What to work on
Take the listing below and print exactly the lines starting at the line containing "#272=ORIENTED_EDGE('',*,*,#271,.T.);" and ending at the line containing "#304=EDGE_CURVE('E127',#296,#264,#303,.T.);", both ends included, and no others.

Provided records: Begin

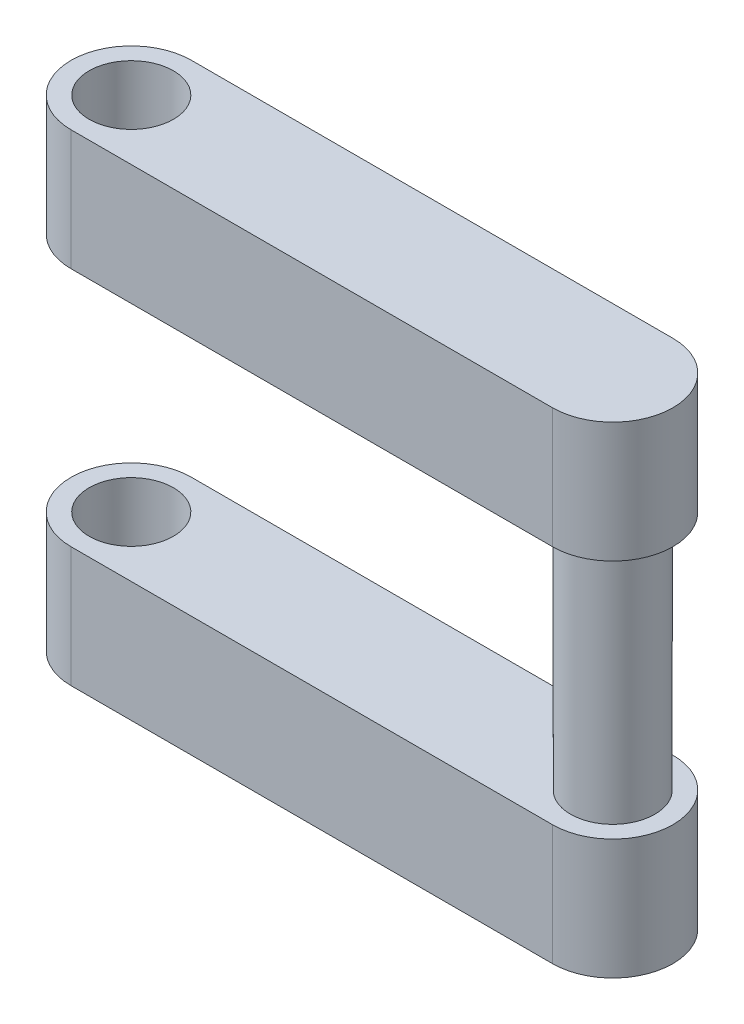
ISO-10303-21;
HEADER;
FILE_DESCRIPTION(('STEP AP214'),'2;1');
FILE_NAME('part.step','',(''),(''),'','','');
FILE_SCHEMA(('AUTOMOTIVE_DESIGN { 1 0 10303 214 1 1 1 1 }'));
ENDSEC;
DATA;
#1=APPLICATION_CONTEXT('core data for automotive mechanical design processes');
#2=APPLICATION_PROTOCOL_DEFINITION('international standard','automotive_design',2000,#1);
#3=PRODUCT_CONTEXT('',#1,'mechanical');
#4=PRODUCT('Part','Part','',(#3));
#5=PRODUCT_RELATED_PRODUCT_CATEGORY('part','',(#4));
#6=PRODUCT_DEFINITION_FORMATION('','',#4);
#7=PRODUCT_DEFINITION_CONTEXT('part definition',#1,'design');
#8=PRODUCT_DEFINITION('design','',#6,#7);
#9=PRODUCT_DEFINITION_SHAPE('','',#8);
#10=(LENGTH_UNIT() NAMED_UNIT(*) SI_UNIT(.MILLI.,.METRE.));
#11=(NAMED_UNIT(*) PLANE_ANGLE_UNIT() SI_UNIT($,.RADIAN.));
#12=(NAMED_UNIT(*) SI_UNIT($,.STERADIAN.) SOLID_ANGLE_UNIT());
#13=UNCERTAINTY_MEASURE_WITH_UNIT(LENGTH_MEASURE(1.E-05),#10,'distance_accuracy_value','');
#14=(GEOMETRIC_REPRESENTATION_CONTEXT(3) GLOBAL_UNCERTAINTY_ASSIGNED_CONTEXT((#13)) GLOBAL_UNIT_ASSIGNED_CONTEXT((#10,
#11,#12)) REPRESENTATION_CONTEXT('',''));
#15=CARTESIAN_POINT('',(0.,0.,0.));
#16=DIRECTION('',(0.,0.,1.));
#17=DIRECTION('',(1.,0.,0.));
#18=AXIS2_PLACEMENT_3D('',#15,#16,#17);
#19=CARTESIAN_POINT('',(-40.,10.,0.));
#20=DIRECTION('',(0.,1.,0.));
#21=DIRECTION('',(0.,0.,1.));
#22=AXIS2_PLACEMENT_3D('',#19,#20,#21);
#23=CYLINDRICAL_SURFACE('',#22,5.);
#24=CARTESIAN_POINT('',(-40.,20.,0.));
#25=DIRECTION('',(0.,1.,0.));
#26=DIRECTION('',(0.,0.,1.));
#27=AXIS2_PLACEMENT_3D('',#24,#25,#26);
#28=CIRCLE('',#27,5.);
#29=CARTESIAN_POINT('',(-40.,20.,-5.));
#30=VERTEX_POINT('',#29);
#31=CARTESIAN_POINT('',(-40.,20.,5.));
#32=VERTEX_POINT('',#31);
#33=EDGE_CURVE('E148',#30,#32,#28,.T.);
#34=ORIENTED_EDGE('',*,*,#33,.F.);
#35=DIRECTION('',(0.,1.,0.));
#36=VECTOR('',#35,1.);
#37=CARTESIAN_POINT('',(-40.,10.,-5.));
#38=LINE('',#37,#36);
#39=CARTESIAN_POINT('',(-40.,10.,-5.));
#40=VERTEX_POINT('',#39);
#41=EDGE_CURVE('E11',#40,#30,#38,.T.);
#42=ORIENTED_EDGE('',*,*,#41,.F.);
#43=CARTESIAN_POINT('',(-40.,10.,0.));
#44=DIRECTION('',(0.,1.,0.));
#45=DIRECTION('',(0.,0.,1.));
#46=AXIS2_PLACEMENT_3D('',#43,#44,#45);
#47=CIRCLE('',#46,5.);
#48=CARTESIAN_POINT('',(-40.,10.,5.));
#49=VERTEX_POINT('',#48);
#50=EDGE_CURVE('E152',#40,#49,#47,.T.);
#51=ORIENTED_EDGE('',*,*,#50,.T.);
#52=DIRECTION('',(0.,1.,0.));
#53=VECTOR('',#52,1.);
#54=CARTESIAN_POINT('',(-40.,10.,5.));
#55=LINE('',#54,#53);
#56=EDGE_CURVE('E77',#49,#32,#55,.T.);
#57=ORIENTED_EDGE('',*,*,#56,.T.);
#58=EDGE_LOOP('',(#34,#42,#51,#57));
#59=FACE_BOUND('',#58,.T.);
#60=ADVANCED_FACE('F32',(#59),#23,.T.);
#61=CARTESIAN_POINT('',(-40.,10.,-5.));
#62=DIRECTION('',(0.,0.,-1.));
#63=DIRECTION('',(-1.,0.,0.));
#64=AXIS2_PLACEMENT_3D('',#61,#62,#63);
#65=PLANE('',#64);
#66=DIRECTION('',(-1.,0.,0.));
#67=VECTOR('',#66,1.);
#68=CARTESIAN_POINT('',(-40.,20.,-5.));
#69=LINE('',#68,#67);
#70=CARTESIAN_POINT('',(0.,20.,-5.));
#71=VERTEX_POINT('',#70);
#72=EDGE_CURVE('E155',#71,#30,#69,.T.);
#73=ORIENTED_EDGE('',*,*,#72,.F.);
#74=DIRECTION('',(0.,1.,0.));
#75=VECTOR('',#74,1.);
#76=CARTESIAN_POINT('',(0.,10.,-5.));
#77=LINE('',#76,#75);
#78=CARTESIAN_POINT('',(0.,10.,-5.));
#79=VERTEX_POINT('',#78);
#80=EDGE_CURVE('E42',#79,#71,#77,.T.);
#81=ORIENTED_EDGE('',*,*,#80,.F.);
#82=DIRECTION('',(-1.,0.,0.));
#83=VECTOR('',#82,1.);
#84=CARTESIAN_POINT('',(-40.,10.,-5.));
#85=LINE('',#84,#83);
#86=EDGE_CURVE('E159',#79,#40,#85,.T.);
#87=ORIENTED_EDGE('',*,*,#86,.T.);
#88=ORIENTED_EDGE('',*,*,#41,.T.);
#89=EDGE_LOOP('',(#73,#81,#87,#88));
#90=FACE_BOUND('',#89,.T.);
#91=ADVANCED_FACE('F175',(#90),#65,.T.);
#92=CARTESIAN_POINT('',(0.,10.,0.));
#93=DIRECTION('',(0.,1.,0.));
#94=DIRECTION('',(0.,0.,1.));
#95=AXIS2_PLACEMENT_3D('',#92,#93,#94);
#96=CYLINDRICAL_SURFACE('',#95,5.);
#97=CARTESIAN_POINT('',(0.,20.,0.));
#98=DIRECTION('',(0.,1.,0.));
#99=DIRECTION('',(0.,0.,1.));
#100=AXIS2_PLACEMENT_3D('',#97,#98,#99);
#101=CIRCLE('',#100,5.);
#102=CARTESIAN_POINT('',(0.,20.,5.));
#103=VERTEX_POINT('',#102);
#104=EDGE_CURVE('E166',#103,#71,#101,.T.);
#105=ORIENTED_EDGE('',*,*,#104,.F.);
#106=DIRECTION('',(0.,1.,0.));
#107=VECTOR('',#106,1.);
#108=CARTESIAN_POINT('',(0.,10.,5.));
#109=LINE('',#108,#107);
#110=CARTESIAN_POINT('',(0.,10.,5.));
#111=VERTEX_POINT('',#110);
#112=EDGE_CURVE('E171',#111,#103,#109,.T.);
#113=ORIENTED_EDGE('',*,*,#112,.F.);
#114=CARTESIAN_POINT('',(0.,10.,0.));
#115=DIRECTION('',(0.,1.,0.));
#116=DIRECTION('',(0.,0.,1.));
#117=AXIS2_PLACEMENT_3D('',#114,#115,#116);
#118=CIRCLE('',#117,5.);
#119=EDGE_CURVE('E157',#111,#79,#118,.T.);
#120=ORIENTED_EDGE('',*,*,#119,.T.);
#121=ORIENTED_EDGE('',*,*,#80,.T.);
#122=EDGE_LOOP('',(#105,#113,#120,#121));
#123=FACE_BOUND('',#122,.T.);
#124=ADVANCED_FACE('F178',(#123),#96,.T.);
#125=CARTESIAN_POINT('',(-40.,10.,5.));
#126=DIRECTION('',(0.,0.,1.));
#127=DIRECTION('',(1.,0.,0.));
#128=AXIS2_PLACEMENT_3D('',#125,#126,#127);
#129=PLANE('',#128);
#130=DIRECTION('',(1.,0.,0.));
#131=VECTOR('',#130,1.);
#132=CARTESIAN_POINT('',(-40.,20.,5.));
#133=LINE('',#132,#131);
#134=EDGE_CURVE('E163',#32,#103,#133,.T.);
#135=ORIENTED_EDGE('',*,*,#134,.F.);
#136=ORIENTED_EDGE('',*,*,#56,.F.);
#137=DIRECTION('',(1.,0.,0.));
#138=VECTOR('',#137,1.);
#139=CARTESIAN_POINT('',(-40.,10.,5.));
#140=LINE('',#139,#138);
#141=EDGE_CURVE('E154',#49,#111,#140,.T.);
#142=ORIENTED_EDGE('',*,*,#141,.T.);
#143=ORIENTED_EDGE('',*,*,#112,.T.);
#144=EDGE_LOOP('',(#135,#136,#142,#143));
#145=FACE_BOUND('',#144,.T.);
#146=ADVANCED_FACE('F172',(#145),#129,.T.);
#147=CARTESIAN_POINT('',(-40.,10.,0.));
#148=DIRECTION('',(0.,1.,0.));
#149=DIRECTION('',(0.,0.,1.));
#150=AXIS2_PLACEMENT_3D('',#147,#148,#149);
#151=PLANE('',#150);
#152=CARTESIAN_POINT('',(0.,10.,0.));
#153=DIRECTION('',(0.,1.,0.));
#154=DIRECTION('',(0.,0.,1.));
#155=AXIS2_PLACEMENT_3D('',#152,#153,#154);
#156=CIRCLE('',#155,3.5);
#157=CARTESIAN_POINT('',(0.,10.,3.5));
#158=VERTEX_POINT('',#157);
#159=EDGE_CURVE('E137',#158,#158,#156,.F.);
#160=ORIENTED_EDGE('',*,*,#159,.F.);
#161=EDGE_LOOP('',(#160));
#162=FACE_BOUND('',#161,.T.);
#163=CARTESIAN_POINT('',(-40.,10.,0.));
#164=DIRECTION('',(0.,1.,0.));
#165=DIRECTION('',(0.,0.,1.));
#166=AXIS2_PLACEMENT_3D('',#163,#164,#165);
#167=CIRCLE('',#166,3.5);
#168=CARTESIAN_POINT('',(-40.,10.,3.5));
#169=VERTEX_POINT('',#168);
#170=EDGE_CURVE('E312',#169,#169,#167,.F.);
#171=ORIENTED_EDGE('',*,*,#170,.F.);
#172=EDGE_LOOP('',(#171));
#173=FACE_BOUND('',#172,.T.);
#174=ORIENTED_EDGE('',*,*,#50,.F.);
#175=ORIENTED_EDGE('',*,*,#86,.F.);
#176=ORIENTED_EDGE('',*,*,#119,.F.);
#177=ORIENTED_EDGE('',*,*,#141,.F.);
#178=EDGE_LOOP('',(#174,#175,#176,#177));
#179=FACE_BOUND('',#178,.T.);
#180=ADVANCED_FACE('F180',(#162,#173,#179),#151,.F.);
#181=CARTESIAN_POINT('',(-40.,20.,0.));
#182=DIRECTION('',(0.,1.,0.));
#183=DIRECTION('',(0.,0.,1.));
#184=AXIS2_PLACEMENT_3D('',#181,#182,#183);
#185=PLANE('',#184);
#186=CARTESIAN_POINT('',(-40.,20.,0.));
#187=DIRECTION('',(0.,1.,0.));
#188=DIRECTION('',(0.,0.,1.));
#189=AXIS2_PLACEMENT_3D('',#186,#187,#188);
#190=CIRCLE('',#189,3.5);
#191=CARTESIAN_POINT('',(-40.,20.,3.5));
#192=VERTEX_POINT('',#191);
#193=EDGE_CURVE('E309',#192,#192,#190,.F.);
#194=ORIENTED_EDGE('',*,*,#193,.T.);
#195=EDGE_LOOP('',(#194));
#196=FACE_BOUND('',#195,.T.);
#197=ORIENTED_EDGE('',*,*,#33,.T.);
#198=ORIENTED_EDGE('',*,*,#134,.T.);
#199=ORIENTED_EDGE('',*,*,#104,.T.);
#200=ORIENTED_EDGE('',*,*,#72,.T.);
#201=EDGE_LOOP('',(#197,#198,#199,#200));
#202=FACE_BOUND('',#201,.T.);
#203=ADVANCED_FACE('F174',(#196,#202),#185,.T.);
#204=CARTESIAN_POINT('',(-40.,-10.,0.));
#205=DIRECTION('',(0.,-1.,0.));
#206=DIRECTION('',(0.,0.,-1.));
#207=AXIS2_PLACEMENT_3D('',#204,#205,#206);
#208=CYLINDRICAL_SURFACE('',#207,5.);
#209=CARTESIAN_POINT('',(-40.,-20.,0.));
#210=DIRECTION('',(0.,-1.,0.));
#211=DIRECTION('',(0.,0.,-1.));
#212=AXIS2_PLACEMENT_3D('',#209,#210,#211);
#213=CIRCLE('',#212,5.);
#214=CARTESIAN_POINT('',(-40.,-20.,5.));
#215=VERTEX_POINT('',#214);
#216=CARTESIAN_POINT('',(-40.,-20.,-5.));
#217=VERTEX_POINT('',#216);
#218=EDGE_CURVE('E142',#215,#217,#213,.T.);
#219=ORIENTED_EDGE('',*,*,#218,.F.);
#220=DIRECTION('',(0.,-1.,0.));
#221=VECTOR('',#220,1.);
#222=CARTESIAN_POINT('',(-40.,-10.,5.));
#223=LINE('',#222,#221);
#224=CARTESIAN_POINT('',(-40.,-10.,5.));
#225=VERTEX_POINT('',#224);
#226=EDGE_CURVE('E130',#225,#215,#223,.T.);
#227=ORIENTED_EDGE('',*,*,#226,.F.);
#228=CARTESIAN_POINT('',(-40.,-10.,0.));
#229=DIRECTION('',(0.,-1.,0.));
#230=DIRECTION('',(0.,0.,-1.));
#231=AXIS2_PLACEMENT_3D('',#228,#229,#230);
#232=CIRCLE('',#231,5.);
#233=CARTESIAN_POINT('',(-40.,-10.,-5.));
#234=VERTEX_POINT('',#233);
#235=EDGE_CURVE('E124',#225,#234,#232,.T.);
#236=ORIENTED_EDGE('',*,*,#235,.T.);
#237=DIRECTION('',(0.,-1.,0.));
#238=VECTOR('',#237,1.);
#239=CARTESIAN_POINT('',(-40.,-10.,-5.));
#240=LINE('',#239,#238);
#241=EDGE_CURVE('E106',#234,#217,#240,.T.);
#242=ORIENTED_EDGE('',*,*,#241,.T.);
#243=EDGE_LOOP('',(#219,#227,#236,#242));
#244=FACE_BOUND('',#243,.T.);
#245=ADVANCED_FACE('F129',(#244),#208,.T.);
#246=CARTESIAN_POINT('',(-40.,-10.,5.));
#247=DIRECTION('',(0.,0.,1.));
#248=DIRECTION('',(1.,0.,0.));
#249=AXIS2_PLACEMENT_3D('',#246,#247,#248);
#250=PLANE('',#249);
#251=DIRECTION('',(-1.,0.,0.));
#252=VECTOR('',#251,1.);
#253=CARTESIAN_POINT('',(-40.,-20.,5.));
#254=LINE('',#253,#252);
#255=CARTESIAN_POINT('',(0.,-20.,5.));
#256=VERTEX_POINT('',#255);
#257=EDGE_CURVE('E131',#256,#215,#254,.T.);
#258=ORIENTED_EDGE('',*,*,#257,.F.);
#259=DIRECTION('',(0.,-1.,0.));
#260=VECTOR('',#259,1.);
#261=CARTESIAN_POINT('',(0.,-10.,5.));
#262=LINE('',#261,#260);
#263=CARTESIAN_POINT('',(0.,-10.,5.));
#264=VERTEX_POINT('',#263);
#265=EDGE_CURVE('E149',#264,#256,#262,.T.);
#266=ORIENTED_EDGE('',*,*,#265,.F.);
#267=DIRECTION('',(-1.,0.,0.));
#268=VECTOR('',#267,1.);
#269=CARTESIAN_POINT('',(-40.,-10.,5.));
#270=LINE('',#269,#268);
#271=EDGE_CURVE('E117',#264,#225,#270,.T.);
#272=ORIENTED_EDGE('',*,*,#271,.T.);
#273=ORIENTED_EDGE('',*,*,#226,.T.);
#274=EDGE_LOOP('',(#258,#266,#272,#273));
#275=FACE_BOUND('',#274,.T.);
#276=ADVANCED_FACE('F219',(#275),#250,.T.);
#277=CARTESIAN_POINT('',(0.,-10.,0.));
#278=DIRECTION('',(0.,-1.,0.));
#279=DIRECTION('',(0.,0.,-1.));
#280=AXIS2_PLACEMENT_3D('',#277,#278,#279);
#281=CYLINDRICAL_SURFACE('',#280,5.);
#282=CARTESIAN_POINT('',(0.,-20.,0.));
#283=DIRECTION('',(0.,-1.,0.));
#284=DIRECTION('',(0.,0.,-1.));
#285=AXIS2_PLACEMENT_3D('',#282,#283,#284);
#286=CIRCLE('',#285,5.);
#287=CARTESIAN_POINT('',(0.,-20.,-5.));
#288=VERTEX_POINT('',#287);
#289=EDGE_CURVE('E134',#288,#256,#286,.T.);
#290=ORIENTED_EDGE('',*,*,#289,.F.);
#291=DIRECTION('',(0.,-1.,0.));
#292=VECTOR('',#291,1.);
#293=CARTESIAN_POINT('',(0.,-10.,-5.));
#294=LINE('',#293,#292);
#295=CARTESIAN_POINT('',(0.,-10.,-5.));
#296=VERTEX_POINT('',#295);
#297=EDGE_CURVE('E116',#296,#288,#294,.T.);
#298=ORIENTED_EDGE('',*,*,#297,.F.);
#299=CARTESIAN_POINT('',(0.,-10.,0.));
#300=DIRECTION('',(0.,-1.,0.));
#301=DIRECTION('',(0.,0.,-1.));
#302=AXIS2_PLACEMENT_3D('',#299,#300,#301);
#303=CIRCLE('',#302,5.);
#304=EDGE_CURVE('E127',#296,#264,#303,.T.);
#305=ORIENTED_EDGE('',*,*,#304,.T.);
#306=ORIENTED_EDGE('',*,*,#265,.T.);
#307=EDGE_LOOP('',(#290,#298,#305,#306));
#308=FACE_BOUND('',#307,.T.);
#309=ADVANCED_FACE('F228',(#308),#281,.T.);
#310=CARTESIAN_POINT('',(-40.,-10.,-5.));
#311=DIRECTION('',(0.,0.,-1.));
#312=DIRECTION('',(-1.,0.,0.));
#313=AXIS2_PLACEMENT_3D('',#310,#311,#312);
#314=PLANE('',#313);
#315=DIRECTION('',(1.,0.,0.));
#316=VECTOR('',#315,1.);
#317=CARTESIAN_POINT('',(-40.,-20.,-5.));
#318=LINE('',#317,#316);
#319=EDGE_CURVE('E111',#217,#288,#318,.T.);
#320=ORIENTED_EDGE('',*,*,#319,.F.);
#321=ORIENTED_EDGE('',*,*,#241,.F.);
#322=DIRECTION('',(1.,0.,0.));
#323=VECTOR('',#322,1.);
#324=CARTESIAN_POINT('',(-40.,-10.,-5.));
#325=LINE('',#324,#323);
#326=EDGE_CURVE('E109',#234,#296,#325,.T.);
#327=ORIENTED_EDGE('',*,*,#326,.T.);
#328=ORIENTED_EDGE('',*,*,#297,.T.);
#329=EDGE_LOOP('',(#320,#321,#327,#328));
#330=FACE_BOUND('',#329,.T.);
#331=ADVANCED_FACE('F108',(#330),#314,.T.);
#332=CARTESIAN_POINT('',(-40.,-10.,0.));
#333=DIRECTION('',(0.,-1.,0.));
#334=DIRECTION('',(0.,0.,-1.));
#335=AXIS2_PLACEMENT_3D('',#332,#333,#334);
#336=PLANE('',#335);
#337=CARTESIAN_POINT('',(0.,-10.,0.));
#338=DIRECTION('',(0.,-1.,0.));
#339=DIRECTION('',(0.,0.,-1.));
#340=AXIS2_PLACEMENT_3D('',#337,#338,#339);
#341=CIRCLE('',#340,3.5);
#342=CARTESIAN_POINT('',(0.,-10.,-3.5));
#343=VERTEX_POINT('',#342);
#344=EDGE_CURVE('E313',#343,#343,#341,.F.);
#345=ORIENTED_EDGE('',*,*,#344,.F.);
#346=EDGE_LOOP('',(#345));
#347=FACE_BOUND('',#346,.T.);
#348=CARTESIAN_POINT('',(-40.,-10.,0.));
#349=DIRECTION('',(0.,-1.,0.));
#350=DIRECTION('',(0.,0.,-1.));
#351=AXIS2_PLACEMENT_3D('',#348,#349,#350);
#352=CIRCLE('',#351,3.5);
#353=CARTESIAN_POINT('',(-40.,-10.,-3.5));
#354=VERTEX_POINT('',#353);
#355=EDGE_CURVE('E316',#354,#354,#352,.F.);
#356=ORIENTED_EDGE('',*,*,#355,.F.);
#357=EDGE_LOOP('',(#356));
#358=FACE_BOUND('',#357,.T.);
#359=ORIENTED_EDGE('',*,*,#235,.F.);
#360=ORIENTED_EDGE('',*,*,#271,.F.);
#361=ORIENTED_EDGE('',*,*,#304,.F.);
#362=ORIENTED_EDGE('',*,*,#326,.F.);
#363=EDGE_LOOP('',(#359,#360,#361,#362));
#364=FACE_BOUND('',#363,.T.);
#365=ADVANCED_FACE('F122',(#347,#358,#364),#336,.F.);
#366=CARTESIAN_POINT('',(-40.,-20.,0.));
#367=DIRECTION('',(0.,1.,0.));
#368=DIRECTION('',(0.,0.,1.));
#369=AXIS2_PLACEMENT_3D('',#366,#367,#368);
#370=PLANE('',#369);
#371=CARTESIAN_POINT('',(-40.,-20.,0.));
#372=DIRECTION('',(0.,1.,0.));
#373=DIRECTION('',(0.,0.,1.));
#374=AXIS2_PLACEMENT_3D('',#371,#372,#373);
#375=CIRCLE('',#374,3.5);
#376=CARTESIAN_POINT('',(-40.,-20.,3.5));
#377=VERTEX_POINT('',#376);
#378=EDGE_CURVE('E36',#377,#377,#375,.F.);
#379=ORIENTED_EDGE('',*,*,#378,.F.);
#380=EDGE_LOOP('',(#379));
#381=FACE_BOUND('',#380,.T.);
#382=ORIENTED_EDGE('',*,*,#218,.T.);
#383=ORIENTED_EDGE('',*,*,#319,.T.);
#384=ORIENTED_EDGE('',*,*,#289,.T.);
#385=ORIENTED_EDGE('',*,*,#257,.T.);
#386=EDGE_LOOP('',(#382,#383,#384,#385));
#387=FACE_BOUND('',#386,.T.);
#388=ADVANCED_FACE('F34',(#381,#387),#370,.F.);
#389=CARTESIAN_POINT('',(0.,-20.,0.));
#390=DIRECTION('',(0.,1.,0.));
#391=DIRECTION('',(0.,0.,1.));
#392=AXIS2_PLACEMENT_3D('',#389,#390,#391);
#393=CYLINDRICAL_SURFACE('',#392,3.5);
#394=ORIENTED_EDGE('',*,*,#344,.T.);
#395=EDGE_LOOP('',(#394));
#396=FACE_BOUND('',#395,.T.);
#397=ORIENTED_EDGE('',*,*,#159,.T.);
#398=EDGE_LOOP('',(#397));
#399=FACE_BOUND('',#398,.T.);
#400=ADVANCED_FACE('F265',(#396,#399),#393,.T.);
#401=CARTESIAN_POINT('',(-40.,23.,0.));
#402=DIRECTION('',(0.,-1.,0.));
#403=DIRECTION('',(0.,0.,-1.));
#404=AXIS2_PLACEMENT_3D('',#401,#402,#403);
#405=CYLINDRICAL_SURFACE('',#404,3.5);
#406=ORIENTED_EDGE('',*,*,#378,.T.);
#407=EDGE_LOOP('',(#406));
#408=FACE_BOUND('',#407,.T.);
#409=ORIENTED_EDGE('',*,*,#355,.T.);
#410=EDGE_LOOP('',(#409));
#411=FACE_BOUND('',#410,.T.);
#412=ADVANCED_FACE('F270',(#408,#411),#405,.F.);
#413=ORIENTED_EDGE('',*,*,#193,.F.);
#414=EDGE_LOOP('',(#413));
#415=FACE_BOUND('',#414,.T.);
#416=ORIENTED_EDGE('',*,*,#170,.T.);
#417=EDGE_LOOP('',(#416));
#418=FACE_BOUND('',#417,.T.);
#419=ADVANCED_FACE('F293',(#415,#418),#405,.F.);
#420=CLOSED_SHELL('',(#60,#91,#124,#146,#180,#203,#245,#276,#309,#331,#365,#388,#400,#412,#419));
#421=MANIFOLD_SOLID_BREP('B2',#420);
#422=ADVANCED_BREP_SHAPE_REPRESENTATION('',(#18,#421),#14);
#423=SHAPE_DEFINITION_REPRESENTATION(#9,#422);
ENDSEC;
END-ISO-10303-21;

Provided records: End

Answer for the task
#272=ORIENTED_EDGE('',*,*,#271,.T.);
#273=ORIENTED_EDGE('',*,*,#226,.T.);
#274=EDGE_LOOP('',(#258,#266,#272,#273));
#275=FACE_BOUND('',#274,.T.);
#276=ADVANCED_FACE('F219',(#275),#250,.T.);
#277=CARTESIAN_POINT('',(0.,-10.,0.));
#278=DIRECTION('',(0.,-1.,0.));
#279=DIRECTION('',(0.,0.,-1.));
#280=AXIS2_PLACEMENT_3D('',#277,#278,#279);
#281=CYLINDRICAL_SURFACE('',#280,5.);
#282=CARTESIAN_POINT('',(0.,-20.,0.));
#283=DIRECTION('',(0.,-1.,0.));
#284=DIRECTION('',(0.,0.,-1.));
#285=AXIS2_PLACEMENT_3D('',#282,#283,#284);
#286=CIRCLE('',#285,5.);
#287=CARTESIAN_POINT('',(0.,-20.,-5.));
#288=VERTEX_POINT('',#287);
#289=EDGE_CURVE('E134',#288,#256,#286,.T.);
#290=ORIENTED_EDGE('',*,*,#289,.F.);
#291=DIRECTION('',(0.,-1.,0.));
#292=VECTOR('',#291,1.);
#293=CARTESIAN_POINT('',(0.,-10.,-5.));
#294=LINE('',#293,#292);
#295=CARTESIAN_POINT('',(0.,-10.,-5.));
#296=VERTEX_POINT('',#295);
#297=EDGE_CURVE('E116',#296,#288,#294,.T.);
#298=ORIENTED_EDGE('',*,*,#297,.F.);
#299=CARTESIAN_POINT('',(0.,-10.,0.));
#300=DIRECTION('',(0.,-1.,0.));
#301=DIRECTION('',(0.,0.,-1.));
#302=AXIS2_PLACEMENT_3D('',#299,#300,#301);
#303=CIRCLE('',#302,5.);
#304=EDGE_CURVE('E127',#296,#264,#303,.T.);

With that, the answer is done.